**WORK TO BE COMPLETED:** Take the entries below and print, exactly, the stretch from the line containing "0.5), (0.5, 0.5)])" through the line containing "blk = doc.blocks.new('M_F27')", both included.

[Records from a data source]
+-------+

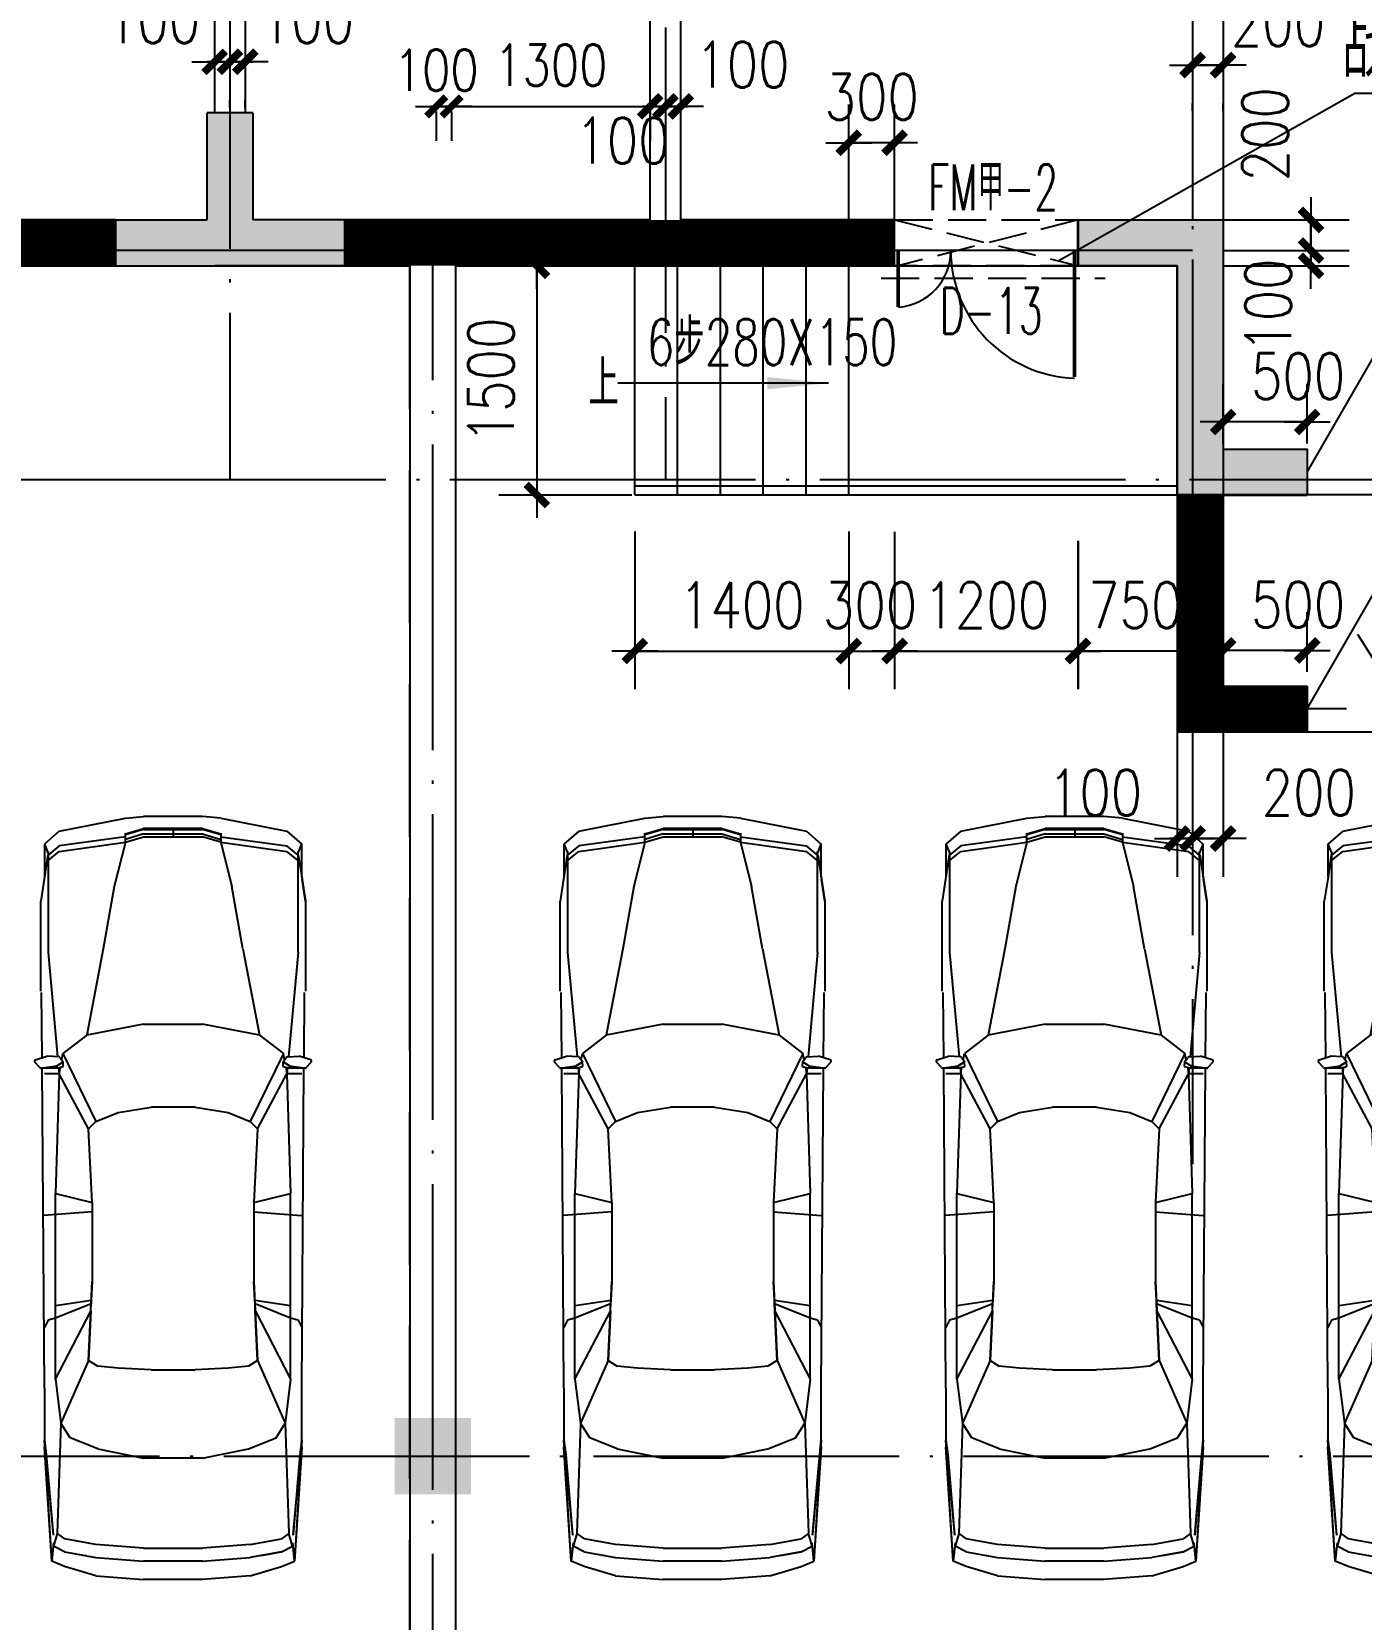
# Model space of a CAD drawing. Extents: x 634182 to 802382, y -1101880 to -864080.
# Drawn here: x 698837 to 707538, y -909933 to -899546 of the extents above; entities that cross this region are included whole.
import ezdxf
from ezdxf.enums import TextEntityAlignment as Align

# ---------------------------------------------------------------- set-up
doc = ezdxf.new("R2010")
doc.units = 0
doc.header["$LTSCALE"] = 1000
doc.header["$MEASUREMENT"] = 0
doc.linetypes.add('DASH', pattern=[0.35, 0.25, -0.1])
doc.linetypes.add('DOTE', pattern=[2.42, 2, -0.2, 0.02, -0.2])
doc.layers.get('0').update_dxf_attribs({"linetype": 'CONTINUOUS'})
doc.layers.get('DEFPOINTS').update_dxf_attribs({"linetype": 'CONTINUOUS'})
for name, color, linetype in [('210', 4, 'CONTINUOUS'), ('COLUMN', 7, 'CONTINUOUS'), ('DOTE', 1, 'DOTE'), ('LU', 4, 'CONTINUOUS'), ('MC', 4, 'CONTINUOUS'), ('PUB_DIM', 3, 'CONTINUOUS'), ('PUB_TEXT', 7, 'CONTINUOUS'), ('STAIR', 2, 'CONTINUOUS'), ('WALL', 191, 'CONTINUOUS'), ('WINDOW', 2, 'CONTINUOUS'), ('WINDOW_TEXT', 6, 'CONTINUOUS'), ('防火分區线', 2, 'CONTINUOUS')]:
    doc.layers.add(name, color=color, linetype=linetype)
doc.styles.add('_Z', font='romans', dxfattribs={"width": 0.7, "bigfont": 'Z'})
doc.styles.add('DIM_FONT', font='simplex.shx', dxfattribs={"width": 0.8})
doc.styles.add('HZTXT', font='simplex', dxfattribs={"width": 0.8, "bigfont": 'sfont'})
doc.styles.add('SIMPLEX', font='SIMPLEX.SHX')
doc.styles.add('Z', font='romans', dxfattribs={"width": 0.8, "bigfont": 'z'})
doc.dimstyles.new('DIMN', dxfattribs={"dimtxt": 300, "dimasz": 1, "dimexe": 250, "dimexo": 300, "dimgap": 150, "dimtad": 1, "dimdec": 0, "dimzin": 0, "dimdsep": 46, "dimtxsty": 'DIM_FONT', "dimblk": '_DIMX', "dimblk1": '_DIMX', "dimblk2": '_DIMX', "dimcen": 2.5, "dimclrt": 7, "dimadec": 0, "dimazin": 0, "dimtfac": 1, "dimtdec": 0, "dimtix": 1, "dimtmove": 2, "dimatfit": 3, "dimldrblk": '_DIMX', "dimfxl": 0, "dimtolj": 1, "dimtzin": 0, "dimarcsym": 0})
doc.dimstyles.new('DIMN90', dxfattribs={"dimscale": 0.9, "dimtxt": 300, "dimasz": 1, "dimexe": 250, "dimexo": 300, "dimgap": 150, "dimtad": 1, "dimdec": 0, "dimdsep": 46, "dimtxsty": 'DIM_FONT', "dimblk": '_DIMX', "dimcen": 2.5, "dimclrt": 7, "dimadec": 0, "dimazin": 0, "dimtfac": 1, "dimtdec": 0, "dimtix": 1, "dimtmove": 2, "dimatfit": 3, "dimldrblk": '_DIMX', "dimfxl": 0, "dimtolj": 1, "dimarcsym": 0})

# ---------------------------------------------------------------- blocks, each defined once
blk = doc.blocks.new('_FZH')
blk.add_solid([(-0.5, -0.5), (0.5, -0.5), (-0.5, 0.5), (0.5, 0.5)])
blk = doc.blocks.new('M_F27')
for p, q in [((-2389, 824), (-1610, 874)), ((-2389, 824), (-1560, 874)), ((-1560, 874), (-2212, 815)), ((-1560, 874), (-1660, 862)), ((-1617, 869), (-1620, 866)), ((-1208, 874), (-1610, 874)), ((-1208, 874), (980, 889)), ((-743, 849), (-793, 874)), ((-2, 547), (-27, 877)), ((941, 773), (941, 874)), ((980, 902), (995, 790)), ((980, 790), (980, 898)), ((984, 905), (1020, 939)), ((1036, 935), (1062, 857)), ((1051, 889), (1497, 893)), ((1506, 899), (2121, 899)), ((2272, 876), (2121, 899)), ((2272, 876), (2272, 874)), ((2437, 851), (2272, 876)), ((2511, 874), (2287, 874)), ((2511, 874), (2450, 850)), ((2599, 773), (2511, 874)), ((-2426, 736), (-2389, 824)), ((-2264, 812), (-2389, 824)), ((-2326, 736), (-2288, 811)), ((-2200, 786), (-2288, 811)), ((-2200, 786), (-2238, 736)), ((-2208, 815), (-2211, 814)), ((-1660, 862), (-2208, 815)), ((-1446, 761), (-2200, 786)), ((-1547, 698), (-1446, 761)), ((-1145, 799), (-1446, 761)), ((-1019, 572), (-1446, 761)), ((-1145, 799), (-682, 557)), ((-1145, 799), (124, 799)), ((-730, 799), (-743, 849)), ((-630, 555), (-730, 799)), ((-642, 799), (-605, 554)), ((124, 799), (61, 547)), ((941, 773), (124, 799)), ((564, 572), (941, 773)), ((983, 777), (941, 773)), ((941, 773), (987, 765)), ((995, 790), (980, 790)), ((980, 790), (992, 746)), ((995, 790), (1022, 746)), ((1022, 748), (995, 790)), ((1053, 768), (1022, 746)), ((1057, 776), (1062, 857)), ((1770, 849), (1058, 784)), ((2461, 849), (1770, 849)), ((2398, 849), (2461, 773)), ((2437, 850), (2433, 851)), ((2498, 773), (2436, 849)), ((2461, 773), (2523, 321)), ((2561, 321), (2498, 773)), ((2599, 773), (2687, 321)), ((-2489, 522), (-2426, 736)), ((-2326, 736), (-2364, 522)), ((-2326, 736), (-2351, 596)), ((-2276, 522), (-2238, 736)), ((-1622, 510), (-1547, 698)), ((1079, 748), (614, 522)), ((992, 746), (1021, 747)), ((1021, 747), (1022, 748)), ((1036, 756), (1079, 748)), ((1204, 585), (1079, 748)), ((-2351, 594), (-2351, 596)), ((-1019, 572), (-1057, 510)), ((-680, 556), (-1019, 572)), ((-1019, 572), (-479, 547)), ((-680, 556), (-630, 555)), ((-605, 554), (-630, 555)), ((-479, 547), (-605, 554)), ((61, 547), (-479, 547)), ((61, 547), (564, 572)), ((564, 572), (614, 522)), ((1795, 472), (1204, 585)), ((1280, 196), (1204, 585)), ((-2489, 522), (-2514, 196)), ((-2364, 522), (-2389, 196)), ((-2301, 196), (-2276, 522)), ((-1622, 510), (-1685, 196)), ((-1070, 371), (-1057, 510)), ((614, 522), (677, 371)), ((2222, 397), (1795, 472)), ((-1082, 145), (-1070, 371)), ((677, 371), (714, 145)), ((2523, 321), (2222, 397)), ((2523, 321), (2586, 321)), ((2523, 321), (2561, 196)), ((2580, 196), (2542, 321)), ((2611, 196), (2574, 321)), ((2580, 321), (2618, 196)), ((2687, 321), (2699, 196)), ((-2514, -206), (-2514, 196)), ((-2389, -206), (-2389, 196)), ((-2301, 196), (-2301, -206)), ((-1685, -206), (-1685, 196)), ((-1082, 145), (-1082, -156)), ((714, -156), (714, 145)), ((1280, 196), (1280, -206)), ((2561, 196), (2561, -206)), ((2580, 196), (2580, -206)), ((2611, 196), (2611, -206)), ((2618, -206), (2618, 196)), ((2699, -206), (2699, 196)), ((2618, -6), (2561, -6)), ((-2489, -533), (-2514, -206)), ((-2389, -206), (-2364, -533)), ((-2276, -533), (-2301, -206)), ((-1685, -206), (-1622, -520)), ((-1070, -382), (-1082, -156)), ((714, -156), (677, -382)), ((1204, -596), (1280, -206)), ((2523, -332), (2561, -206)), ((2580, -206), (2542, -332)), ((2574, -332), (2611, -206)), ((2618, -206), (2580, -332)), ((2687, -332), (2699, -206)), ((-1057, -520), (-1070, -382)), ((677, -382), (614, -533)), ((1795, -483), (2222, -407)), ((2523, -332), (2222, -407)), ((2523, -332), (2461, -784)), ((2561, -332), (2498, -784)), ((2586, -332), (2523, -332)), ((2687, -332), (2599, -784)), ((-2489, -533), (-2426, -747)), ((-2326, -747), (-2364, -533)), ((-2276, -533), (-2238, -747)), ((-1622, -520), (-1547, -709)), ((-1019, -583), (-1057, -520)), ((614, -533), (564, -583)), ((1079, -759), (614, -533)), ((1795, -483), (1204, -596)), ((-2351, -607), (-2351, -605)), ((-2351, -607), (-2326, -747)), ((-1019, -583), (-1446, -772)), ((-682, -568), (-1145, -809)), ((-479, -558), (-1019, -583)), ((-1019, -583), (-680, -567)), ((-730, -809), (-630, -566)), ((-680, -567), (-682, -568)), ((-680, -567), (-630, -566)), ((-605, -565), (-642, -809)), ((-630, -566), (-605, -565)), ((-605, -565), (-479, -558)), ((61, -558), (-479, -558)), ((-2, -558), (-27, -884)), ((61, -558), (124, -809)), ((564, -583), (61, -558)), ((564, -583), (941, -784)), ((1204, -596), (1079, -759)), ((-2426, -747), (-2389, -835)), ((-2326, -747), (-2288, -822)), ((-2200, -797), (-2238, -747)), ((-1547, -709), (-1446, -772)), ((992, -757), (980, -800)), ((992, -757), (1021, -758)), ((995, -800), (1022, -757)), ((1022, -758), (995, -800)), ((1021, -758), (1022, -758)), ((1022, -757), (1053, -779)), ((1036, -767), (1079, -759)), ((-2389, -835), (-2264, -823)), ((-1560, -885), (-2389, -835)), ((-1610, -885), (-2389, -835)), ((-2288, -822), (-2200, -797)), ((-2212, -826), (-1560, -885)), ((-2208, -826), (-2211, -825)), ((-1660, -872), (-2208, -826)), ((-1446, -772), (-2200, -797)), ((-1145, -809), (-1446, -772)), ((-1145, -809), (124, -809)), ((-743, -860), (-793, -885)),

+-------+

**RESULT OF THE TASK:**
blk.add_solid([(-0.5, -0.5), (0.5, -0.5), (-0.5, 0.5), (0.5, 0.5)])
blk = doc.blocks.new('M_F27')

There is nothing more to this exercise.